Toyotas do ride like shit, though. All of the Toyotas I've owned have crashed and bashed over every pothole, suspension joint and break in the road surface. When Top Gear tested a Camry years ago, Jeremy Clarkson suspected the suspension might have been made out of wood.


----------



## tohunt4me (Nov 23, 2015)

TXUbering said:


> Some people just let their bigoted mind believe that certain countries produce worse quality. They fail to understand that if the quality was so bad, that the manufacturing plants would be back here. Move the plant to some country where conditions aren't as regulated as here, and when you squeeze the employee, that work is going to suffer. And this is from someone that has actually worked the assembly lines here. I saw some of the trash that came through the line. Ford's actually getting in trouble for shipping their F150s with rust already on them. https://www.caranddriver.com/news/a35726969/2021-ford-f-150-pickups-rust-reported/ You can't tell me that is because they're being built in a certain country, as some of the bigots would have you believe.


This is a fact.
The rear end gears are loose in new G.M.' S MADE IN MEXICO !


----------



## Sal29 (Jul 27, 2014)

phreeradical said:


> Apples and oranges!
> Haul concrete and 4x8 sheets of plywood in your corolla?
> Half cord of firewood in the civic?


Tundras and Tacomas don't have any of the bad reliability problems that F150s, Silverados, and Rams have.


----------



## Who is John Galt? (Sep 28, 2016)

observer said:


> Actually they may be made in Mexico but the engineering is French, Renault, I believe.
> 
> Anyone remember Renault?


Ah yes, Renault. One half of the one of the most important lessons in life.

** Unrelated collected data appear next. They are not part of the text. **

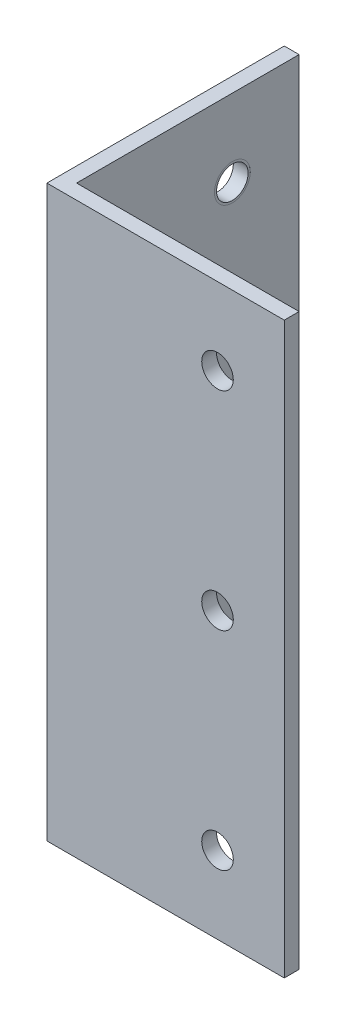
ISO-10303-21;
HEADER;
FILE_DESCRIPTION(('STEP AP214'),'2;1');
FILE_NAME('part.step','',(''),(''),'','','');
FILE_SCHEMA(('AUTOMOTIVE_DESIGN { 1 0 10303 214 1 1 1 1 }'));
ENDSEC;
DATA;
#1=APPLICATION_CONTEXT('core data for automotive mechanical design processes');
#2=APPLICATION_PROTOCOL_DEFINITION('international standard','automotive_design',2000,#1);
#3=PRODUCT_CONTEXT('',#1,'mechanical');
#4=PRODUCT('Part','Part','',(#3));
#5=PRODUCT_RELATED_PRODUCT_CATEGORY('part','',(#4));
#6=PRODUCT_DEFINITION_FORMATION('','',#4);
#7=PRODUCT_DEFINITION_CONTEXT('part definition',#1,'design');
#8=PRODUCT_DEFINITION('design','',#6,#7);
#9=PRODUCT_DEFINITION_SHAPE('','',#8);
#10=(LENGTH_UNIT() NAMED_UNIT(*) SI_UNIT(.MILLI.,.METRE.));
#11=(NAMED_UNIT(*) PLANE_ANGLE_UNIT() SI_UNIT($,.RADIAN.));
#12=(NAMED_UNIT(*) SI_UNIT($,.STERADIAN.) SOLID_ANGLE_UNIT());
#13=UNCERTAINTY_MEASURE_WITH_UNIT(LENGTH_MEASURE(1.E-05),#10,'distance_accuracy_value','');
#14=(GEOMETRIC_REPRESENTATION_CONTEXT(3) GLOBAL_UNCERTAINTY_ASSIGNED_CONTEXT((#13)) GLOBAL_UNIT_ASSIGNED_CONTEXT((#10,
#11,#12)) REPRESENTATION_CONTEXT('',''));
#15=CARTESIAN_POINT('',(0.,0.,0.));
#16=DIRECTION('',(0.,0.,1.));
#17=DIRECTION('',(1.,0.,0.));
#18=AXIS2_PLACEMENT_3D('',#15,#16,#17);
#19=CARTESIAN_POINT('',(-19.051,-34.925,-14.2875));
#20=DIRECTION('',(-1.,0.,0.));
#21=DIRECTION('',(0.,0.,1.));
#22=AXIS2_PLACEMENT_3D('',#19,#20,#21);
#23=PLANE('',#22);
#24=CARTESIAN_POINT('',(-19.051,-34.925,-14.2875));
#25=DIRECTION('',(1.,0.,0.));
#26=DIRECTION('',(0.,0.,-1.));
#27=AXIS2_PLACEMENT_3D('',#24,#25,#26);
#28=CIRCLE('',#27,3.8354);
#29=CARTESIAN_POINT('',(-19.051,-34.925,-18.1229));
#30=VERTEX_POINT('',#29);
#31=EDGE_CURVE('E150',#30,#30,#28,.T.);
#32=ORIENTED_EDGE('',*,*,#31,.T.);
#33=EDGE_LOOP('',(#32));
#34=FACE_BOUND('',#33,.T.);
#35=CARTESIAN_POINT('',(-19.051,-34.925,-14.2875));
#36=DIRECTION('',(1.,0.,0.));
#37=DIRECTION('',(0.,0.,-1.));
#38=AXIS2_PLACEMENT_3D('',#35,#36,#37);
#39=CIRCLE('',#38,3.3782);
#40=CARTESIAN_POINT('',(-19.051,-34.925,-17.6657));
#41=VERTEX_POINT('',#40);
#42=EDGE_CURVE('E465',#41,#41,#39,.T.);
#43=ORIENTED_EDGE('',*,*,#42,.F.);
#44=EDGE_LOOP('',(#43));
#45=FACE_BOUND('',#44,.T.);
#46=ADVANCED_FACE('F32',(#34,#45),#23,.F.);
#47=CARTESIAN_POINT('',(14.2875,9.52499999999999,19.051));
#48=DIRECTION('',(0.,0.,1.));
#49=DIRECTION('',(1.,0.,0.));
#50=AXIS2_PLACEMENT_3D('',#47,#48,#49);
#51=PLANE('',#50);
#52=CARTESIAN_POINT('',(14.2875,9.52499999999999,19.051));
#53=DIRECTION('',(0.,0.,-1.));
#54=DIRECTION('',(-1.,0.,0.));
#55=AXIS2_PLACEMENT_3D('',#52,#53,#54);
#56=CIRCLE('',#55,3.8354);
#57=CARTESIAN_POINT('',(10.4521,9.52499999999999,19.051));
#58=VERTEX_POINT('',#57);
#59=EDGE_CURVE('E135',#58,#58,#56,.T.);
#60=ORIENTED_EDGE('',*,*,#59,.T.);
#61=EDGE_LOOP('',(#60));
#62=FACE_BOUND('',#61,.T.);
#63=CARTESIAN_POINT('',(14.2875,9.52499999999999,19.051));
#64=DIRECTION('',(0.,0.,-1.));
#65=DIRECTION('',(-1.,0.,0.));
#66=AXIS2_PLACEMENT_3D('',#63,#64,#65);
#67=CIRCLE('',#66,3.3782);
#68=CARTESIAN_POINT('',(10.9093,9.52499999999999,19.051));
#69=VERTEX_POINT('',#68);
#70=EDGE_CURVE('E169',#69,#69,#67,.T.);
#71=ORIENTED_EDGE('',*,*,#70,.F.);
#72=EDGE_LOOP('',(#71));
#73=FACE_BOUND('',#72,.T.);
#74=ADVANCED_FACE('F219',(#62,#73),#51,.F.);
#75=CARTESIAN_POINT('',(165.1,-51.435,0.));
#76=DIRECTION('',(0.,-1.,0.));
#77=DIRECTION('',(1.,0.,0.));
#78=AXIS2_PLACEMENT_3D('',#75,#76,#77);
#79=PLANE('',#78);
#80=DIRECTION('',(0.,0.,-1.));
#81=VECTOR('',#80,1.);
#82=CARTESIAN_POINT('',(-19.05,-51.435,19.05));
#83=LINE('',#82,#81);
#84=CARTESIAN_POINT('',(-19.05,-51.435,19.05));
#85=VERTEX_POINT('',#84);
#86=CARTESIAN_POINT('',(-19.05,-51.435,-28.575));
#87=VERTEX_POINT('',#86);
#88=EDGE_CURVE('E42',#85,#87,#83,.T.);
#89=ORIENTED_EDGE('',*,*,#88,.F.);
#90=DIRECTION('',(-1.,0.,0.));
#91=VECTOR('',#90,1.);
#92=CARTESIAN_POINT('',(28.575,-51.435,19.05));
#93=LINE('',#92,#91);
#94=CARTESIAN_POINT('',(28.575,-51.435,19.05));
#95=VERTEX_POINT('',#94);
#96=EDGE_CURVE('E119',#95,#85,#93,.T.);
#97=ORIENTED_EDGE('',*,*,#96,.F.);
#98=DIRECTION('',(0.,0.,-1.));
#99=VECTOR('',#98,1.);
#100=CARTESIAN_POINT('',(28.575,-51.435,22.225));
#101=LINE('',#100,#99);
#102=CARTESIAN_POINT('',(28.575,-51.435,22.225));
#103=VERTEX_POINT('',#102);
#104=EDGE_CURVE('E123',#103,#95,#101,.T.);
#105=ORIENTED_EDGE('',*,*,#104,.F.);
#106=DIRECTION('',(1.,0.,0.));
#107=VECTOR('',#106,1.);
#108=CARTESIAN_POINT('',(-22.225,-51.435,22.225));
#109=LINE('',#108,#107);
#110=CARTESIAN_POINT('',(-22.225,-51.435,22.225));
#111=VERTEX_POINT('',#110);
#112=EDGE_CURVE('E72',#111,#103,#109,.T.);
#113=ORIENTED_EDGE('',*,*,#112,.F.);
#114=DIRECTION('',(0.,0.,1.));
#115=VECTOR('',#114,1.);
#116=CARTESIAN_POINT('',(-22.225,-51.435,-28.575));
#117=LINE('',#116,#115);
#118=CARTESIAN_POINT('',(-22.225,-51.435,-28.575));
#119=VERTEX_POINT('',#118);
#120=EDGE_CURVE('E77',#119,#111,#117,.T.);
#121=ORIENTED_EDGE('',*,*,#120,.F.);
#122=DIRECTION('',(-1.,0.,0.));
#123=VECTOR('',#122,1.);
#124=CARTESIAN_POINT('',(-19.05,-51.435,-28.575));
#125=LINE('',#124,#123);
#126=EDGE_CURVE('E98',#87,#119,#125,.T.);
#127=ORIENTED_EDGE('',*,*,#126,.F.);
#128=EDGE_LOOP('',(#89,#97,#105,#113,#121,#127));
#129=FACE_BOUND('',#128,.T.);
#130=ADVANCED_FACE('F34',(#129),#79,.T.);
#131=CARTESIAN_POINT('',(0.,70.485,0.));
#132=DIRECTION('',(0.,1.,0.));
#133=DIRECTION('',(0.,0.,1.));
#134=AXIS2_PLACEMENT_3D('',#131,#132,#133);
#135=PLANE('',#134);
#136=DIRECTION('',(0.,0.,-1.));
#137=VECTOR('',#136,1.);
#138=CARTESIAN_POINT('',(-19.05,70.485,19.05));
#139=LINE('',#138,#137);
#140=CARTESIAN_POINT('',(-19.05,70.485,19.05));
#141=VERTEX_POINT('',#140);
#142=CARTESIAN_POINT('',(-19.05,70.485,-28.575));
#143=VERTEX_POINT('',#142);
#144=EDGE_CURVE('E109',#141,#143,#139,.T.);
#145=ORIENTED_EDGE('',*,*,#144,.T.);
#146=DIRECTION('',(-1.,0.,0.));
#147=VECTOR('',#146,1.);
#148=CARTESIAN_POINT('',(-19.05,70.485,-28.575));
#149=LINE('',#148,#147);
#150=CARTESIAN_POINT('',(-22.225,70.485,-28.575));
#151=VERTEX_POINT('',#150);
#152=EDGE_CURVE('E96',#143,#151,#149,.T.);
#153=ORIENTED_EDGE('',*,*,#152,.T.);
#154=DIRECTION('',(0.,0.,1.));
#155=VECTOR('',#154,1.);
#156=CARTESIAN_POINT('',(-22.225,70.485,-28.575));
#157=LINE('',#156,#155);
#158=CARTESIAN_POINT('',(-22.225,70.485,22.225));
#159=VERTEX_POINT('',#158);
#160=EDGE_CURVE('E101',#151,#159,#157,.T.);
#161=ORIENTED_EDGE('',*,*,#160,.T.);
#162=DIRECTION('',(1.,0.,0.));
#163=VECTOR('',#162,1.);
#164=CARTESIAN_POINT('',(-22.225,70.485,22.225));
#165=LINE('',#164,#163);
#166=CARTESIAN_POINT('',(28.575,70.485,22.225));
#167=VERTEX_POINT('',#166);
#168=EDGE_CURVE('E105',#159,#167,#165,.T.);
#169=ORIENTED_EDGE('',*,*,#168,.T.);
#170=DIRECTION('',(0.,0.,-1.));
#171=VECTOR('',#170,1.);
#172=CARTESIAN_POINT('',(28.575,70.485,22.225));
#173=LINE('',#172,#171);
#174=CARTESIAN_POINT('',(28.575,70.485,19.05));
#175=VERTEX_POINT('',#174);
#176=EDGE_CURVE('E188',#167,#175,#173,.T.);
#177=ORIENTED_EDGE('',*,*,#176,.T.);
#178=DIRECTION('',(-1.,0.,0.));
#179=VECTOR('',#178,1.);
#180=CARTESIAN_POINT('',(28.575,70.485,19.05));
#181=LINE('',#180,#179);
#182=EDGE_CURVE('E116',#175,#141,#181,.T.);
#183=ORIENTED_EDGE('',*,*,#182,.T.);
#184=EDGE_LOOP('',(#145,#153,#161,#169,#177,#183));
#185=FACE_BOUND('',#184,.T.);
#186=ADVANCED_FACE('F107',(#185),#135,.T.);
#187=CARTESIAN_POINT('',(-19.05,-125.817048968553,-28.575));
#188=DIRECTION('',(0.,0.,-1.));
#189=DIRECTION('',(-1.,0.,0.));
#190=AXIS2_PLACEMENT_3D('',#187,#188,#189);
#191=PLANE('',#190);
#192=DIRECTION('',(0.,1.,0.));
#193=VECTOR('',#192,1.);
#194=CARTESIAN_POINT('',(-19.05,-125.817048968553,-28.575));
#195=LINE('',#194,#193);
#196=EDGE_CURVE('E11',#87,#143,#195,.T.);
#197=ORIENTED_EDGE('',*,*,#196,.F.);
#198=ORIENTED_EDGE('',*,*,#126,.T.);
#199=DIRECTION('',(0.,1.,0.));
#200=VECTOR('',#199,1.);
#201=CARTESIAN_POINT('',(-22.225,-125.817048968553,-28.575));
#202=LINE('',#201,#200);
#203=EDGE_CURVE('E93',#119,#151,#202,.T.);
#204=ORIENTED_EDGE('',*,*,#203,.T.);
#205=ORIENTED_EDGE('',*,*,#152,.F.);
#206=EDGE_LOOP('',(#197,#198,#204,#205));
#207=FACE_BOUND('',#206,.T.);
#208=ADVANCED_FACE('F94',(#207),#191,.T.);
#209=CARTESIAN_POINT('',(-22.225,-125.817048968553,-28.575));
#210=DIRECTION('',(-1.,0.,0.));
#211=DIRECTION('',(0.,0.,1.));
#212=AXIS2_PLACEMENT_3D('',#209,#210,#211);
#213=PLANE('',#212);
#214=CARTESIAN_POINT('',(-22.225,9.52499999999999,-14.2875));
#215=DIRECTION('',(-1.,0.,0.));
#216=DIRECTION('',(0.,0.,1.));
#217=AXIS2_PLACEMENT_3D('',#214,#215,#216);
#218=CIRCLE('',#217,3.3782);
#219=CARTESIAN_POINT('',(-22.225,9.52499999999999,-10.9093));
#220=VERTEX_POINT('',#219);
#221=EDGE_CURVE('E450',#220,#220,#218,.T.);
#222=ORIENTED_EDGE('',*,*,#221,.F.);
#223=EDGE_LOOP('',(#222));
#224=FACE_BOUND('',#223,.T.);
#225=CARTESIAN_POINT('',(-22.225,-34.925,-14.2875));
#226=DIRECTION('',(-1.,0.,0.));
#227=DIRECTION('',(0.,0.,1.));
#228=AXIS2_PLACEMENT_3D('',#225,#226,#227);
#229=CIRCLE('',#228,3.3782);
#230=CARTESIAN_POINT('',(-22.225,-34.925,-10.9093));
#231=VERTEX_POINT('',#230);
#232=EDGE_CURVE('E454',#231,#231,#229,.T.);
#233=ORIENTED_EDGE('',*,*,#232,.F.);
#234=EDGE_LOOP('',(#233));
#235=FACE_BOUND('',#234,.T.);
#236=CARTESIAN_POINT('',(-22.225,53.975,-14.2875));
#237=DIRECTION('',(-1.,0.,0.));
#238=DIRECTION('',(0.,0.,1.));
#239=AXIS2_PLACEMENT_3D('',#236,#237,#238);
#240=CIRCLE('',#239,3.3782);
#241=CARTESIAN_POINT('',(-22.225,53.975,-10.9093));
#242=VERTEX_POINT('',#241);
#243=EDGE_CURVE('E457',#242,#242,#240,.T.);
#244=ORIENTED_EDGE('',*,*,#243,.F.);
#245=EDGE_LOOP('',(#244));
#246=FACE_BOUND('',#245,.T.);
#247=ORIENTED_EDGE('',*,*,#203,.F.);
#248=ORIENTED_EDGE('',*,*,#120,.T.);
#249=DIRECTION('',(0.,1.,0.));
#250=VECTOR('',#249,1.);
#251=CARTESIAN_POINT('',(-22.225,-125.817048968553,22.225));
#252=LINE('',#251,#250);
#253=EDGE_CURVE('E88',#111,#159,#252,.T.);
#254=ORIENTED_EDGE('',*,*,#253,.T.);
#255=ORIENTED_EDGE('',*,*,#160,.F.);
#256=EDGE_LOOP('',(#247,#248,#254,#255));
#257=FACE_BOUND('',#256,.T.);
#258=ADVANCED_FACE('F102',(#224,#235,#246,#257),#213,.T.);
#259=CARTESIAN_POINT('',(-22.225,-125.817048968553,22.225));
#260=DIRECTION('',(0.,0.,1.));
#261=DIRECTION('',(1.,0.,0.));
#262=AXIS2_PLACEMENT_3D('',#259,#260,#261);
#263=PLANE('',#262);
#264=CARTESIAN_POINT('',(14.2875,53.975,22.225));
#265=DIRECTION('',(0.,0.,1.));
#266=DIRECTION('',(1.,0.,0.));
#267=AXIS2_PLACEMENT_3D('',#264,#265,#266);
#268=CIRCLE('',#267,3.3782);
#269=CARTESIAN_POINT('',(17.6657,53.975,22.225));
#270=VERTEX_POINT('',#269);
#271=EDGE_CURVE('E166',#270,#270,#268,.T.);
#272=ORIENTED_EDGE('',*,*,#271,.F.);
#273=EDGE_LOOP('',(#272));
#274=FACE_BOUND('',#273,.T.);
#275=CARTESIAN_POINT('',(14.2875,9.52499999999999,22.225));
#276=DIRECTION('',(0.,0.,1.));
#277=DIRECTION('',(1.,0.,0.));
#278=AXIS2_PLACEMENT_3D('',#275,#276,#277);
#279=CIRCLE('',#278,3.3782);
#280=CARTESIAN_POINT('',(17.6657,9.52499999999999,22.225));
#281=VERTEX_POINT('',#280);
#282=EDGE_CURVE('E172',#281,#281,#279,.T.);
#283=ORIENTED_EDGE('',*,*,#282,.F.);
#284=EDGE_LOOP('',(#283));
#285=FACE_BOUND('',#284,.T.);
#286=CARTESIAN_POINT('',(14.2875,-34.925,22.225));
#287=DIRECTION('',(0.,0.,1.));
#288=DIRECTION('',(1.,0.,0.));
#289=AXIS2_PLACEMENT_3D('',#286,#287,#288);
#290=CIRCLE('',#289,3.3782);
#291=CARTESIAN_POINT('',(17.6657,-34.925,22.225));
#292=VERTEX_POINT('',#291);
#293=EDGE_CURVE('E178',#292,#292,#290,.T.);
#294=ORIENTED_EDGE('',*,*,#293,.F.);
#295=EDGE_LOOP('',(#294));
#296=FACE_BOUND('',#295,.T.);
#297=ORIENTED_EDGE('',*,*,#253,.F.);
#298=ORIENTED_EDGE('',*,*,#112,.T.);
#299=DIRECTION('',(0.,1.,0.));
#300=VECTOR('',#299,1.);
#301=CARTESIAN_POINT('',(28.575,-125.817048968553,22.225));
#302=LINE('',#301,#300);
#303=EDGE_CURVE('E126',#103,#167,#302,.T.);
#304=ORIENTED_EDGE('',*,*,#303,.T.);
#305=ORIENTED_EDGE('',*,*,#168,.F.);
#306=EDGE_LOOP('',(#297,#298,#304,#305));
#307=FACE_BOUND('',#306,.T.);
#308=ADVANCED_FACE('F193',(#274,#285,#296,#307),#263,.T.);
#309=CARTESIAN_POINT('',(28.575,-125.817048968553,22.225));
#310=DIRECTION('',(1.,0.,0.));
#311=DIRECTION('',(0.,1.,0.));
#312=AXIS2_PLACEMENT_3D('',#309,#310,#311);
#313=PLANE('',#312);
#314=ORIENTED_EDGE('',*,*,#303,.F.);
#315=ORIENTED_EDGE('',*,*,#104,.T.);
#316=DIRECTION('',(0.,1.,0.));
#317=VECTOR('',#316,1.);
#318=CARTESIAN_POINT('',(28.575,-125.817048968553,19.05));
#319=LINE('',#318,#317);
#320=EDGE_CURVE('E122',#95,#175,#319,.T.);
#321=ORIENTED_EDGE('',*,*,#320,.T.);
#322=ORIENTED_EDGE('',*,*,#176,.F.);
#323=EDGE_LOOP('',(#314,#315,#321,#322));
#324=FACE_BOUND('',#323,.T.);
#325=ADVANCED_FACE('F196',(#324),#313,.T.);
#326=CARTESIAN_POINT('',(28.575,-125.817048968553,19.05));
#327=DIRECTION('',(0.,0.,-1.));
#328=DIRECTION('',(-1.,0.,0.));
#329=AXIS2_PLACEMENT_3D('',#326,#327,#328);
#330=PLANE('',#329);
#331=CARTESIAN_POINT('',(14.2875,53.975,19.05));
#332=DIRECTION('',(0.,0.,-1.));
#333=DIRECTION('',(-1.,0.,0.));
#334=AXIS2_PLACEMENT_3D('',#331,#332,#333);
#335=CIRCLE('',#334,3.8354);
#336=CARTESIAN_POINT('',(10.4521,53.975,19.05));
#337=VERTEX_POINT('',#336);
#338=EDGE_CURVE('E140',#337,#337,#335,.T.);
#339=ORIENTED_EDGE('',*,*,#338,.F.);
#340=EDGE_LOOP('',(#339));
#341=FACE_BOUND('',#340,.T.);
#342=CARTESIAN_POINT('',(14.2875,-34.925,19.05));
#343=DIRECTION('',(0.,0.,-1.));
#344=DIRECTION('',(-1.,0.,0.));
#345=AXIS2_PLACEMENT_3D('',#342,#343,#344);
#346=CIRCLE('',#345,3.8354);
#347=CARTESIAN_POINT('',(10.4521,-34.925,19.05));
#348=VERTEX_POINT('',#347);
#349=EDGE_CURVE('E136',#348,#348,#346,.T.);
#350=ORIENTED_EDGE('',*,*,#349,.F.);
#351=EDGE_LOOP('',(#350));
#352=FACE_BOUND('',#351,.T.);
#353=CARTESIAN_POINT('',(14.2875,9.52499999999999,19.05));
#354=DIRECTION('',(0.,0.,-1.));
#355=DIRECTION('',(-1.,0.,0.));
#356=AXIS2_PLACEMENT_3D('',#353,#354,#355);
#357=CIRCLE('',#356,3.8354);
#358=CARTESIAN_POINT('',(10.4521,9.52499999999999,19.05));
#359=VERTEX_POINT('',#358);
#360=EDGE_CURVE('E111',#359,#359,#357,.T.);
#361=ORIENTED_EDGE('',*,*,#360,.F.);
#362=EDGE_LOOP('',(#361));
#363=FACE_BOUND('',#362,.T.);
#364=ORIENTED_EDGE('',*,*,#320,.F.);
#365=ORIENTED_EDGE('',*,*,#96,.T.);
#366=DIRECTION('',(0.,1.,0.));
#367=VECTOR('',#366,1.);
#368=CARTESIAN_POINT('',(-19.05,-125.817048968553,19.05));
#369=LINE('',#368,#367);
#370=EDGE_CURVE('E118',#85,#141,#369,.T.);
#371=ORIENTED_EDGE('',*,*,#370,.T.);
#372=ORIENTED_EDGE('',*,*,#182,.F.);
#373=EDGE_LOOP('',(#364,#365,#371,#372));
#374=FACE_BOUND('',#373,.T.);
#375=ADVANCED_FACE('F199',(#341,#352,#363,#374),#330,.T.);
#376=CARTESIAN_POINT('',(-19.05,-125.817048968553,19.05));
#377=DIRECTION('',(1.,0.,0.));
#378=DIRECTION('',(0.,1.,0.));
#379=AXIS2_PLACEMENT_3D('',#376,#377,#378);
#380=PLANE('',#379);
#381=CARTESIAN_POINT('',(-19.05,53.975,-14.2875));
#382=DIRECTION('',(1.,0.,0.));
#383=DIRECTION('',(0.,1.,0.));
#384=AXIS2_PLACEMENT_3D('',#381,#382,#383);
#385=CIRCLE('',#384,3.8354);
#386=CARTESIAN_POINT('',(-19.05,57.8104,-14.2875));
#387=VERTEX_POINT('',#386);
#388=EDGE_CURVE('E36',#387,#387,#385,.T.);
#389=ORIENTED_EDGE('',*,*,#388,.F.);
#390=EDGE_LOOP('',(#389));
#391=FACE_BOUND('',#390,.T.);
#392=CARTESIAN_POINT('',(-19.05,-34.925,-14.2875));
#393=DIRECTION('',(1.,0.,0.));
#394=DIRECTION('',(0.,1.,0.));
#395=AXIS2_PLACEMENT_3D('',#392,#393,#394);
#396=CIRCLE('',#395,3.8354);
#397=CARTESIAN_POINT('',(-19.05,-31.0896,-14.2875));
#398=VERTEX_POINT('',#397);
#399=EDGE_CURVE('E148',#398,#398,#396,.T.);
#400=ORIENTED_EDGE('',*,*,#399,.F.);
#401=EDGE_LOOP('',(#400));
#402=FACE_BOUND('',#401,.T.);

Never accept a French car, and never, ever refuse a French woman.
.


----------



## Another Uber Driver (May 27, 2015)

observer said:


> Anyone remember Renault?


My sister had one of these:










She did not really like it, but she kept it for a few years. When it developed a radiator leak, she had enough. She put several gallon milk jugs full of water into the trunk and went car shopping. She had to hit several dealers until she finally got the deal that she wanted from a Toyota place. Meanwhile, when the dealer where she was would not budge, she would simply walk out of the showroom, open her trunk, take out one of the jugs and pour some water into the radiator and head for the next dealer. My mother went with her and said that it was funny watching the salesman try to con her as she poured the water into the radiator.

Finally, this Toyota salesman gave her both the deal and the trade that she wanted and she has been hooked on the Toyota ever since.



Amos69 said:


> My 73 F100 has never failed me. EVER!


In the 1970s, most Fords were JUNQUE. The trucks were among the few bright spots at Ford in that era. Their trucks always were good.


----------



## Amsoil Uber Connect (Jan 14, 2015)

Ya our company truck back then was a 69 F100, never let us down.


----------



## TXUbering (May 9, 2018)

tohunt4me said:


> This is a fact.
> The rear end gears are loose in new G.M.' S MADE IN MEXICO !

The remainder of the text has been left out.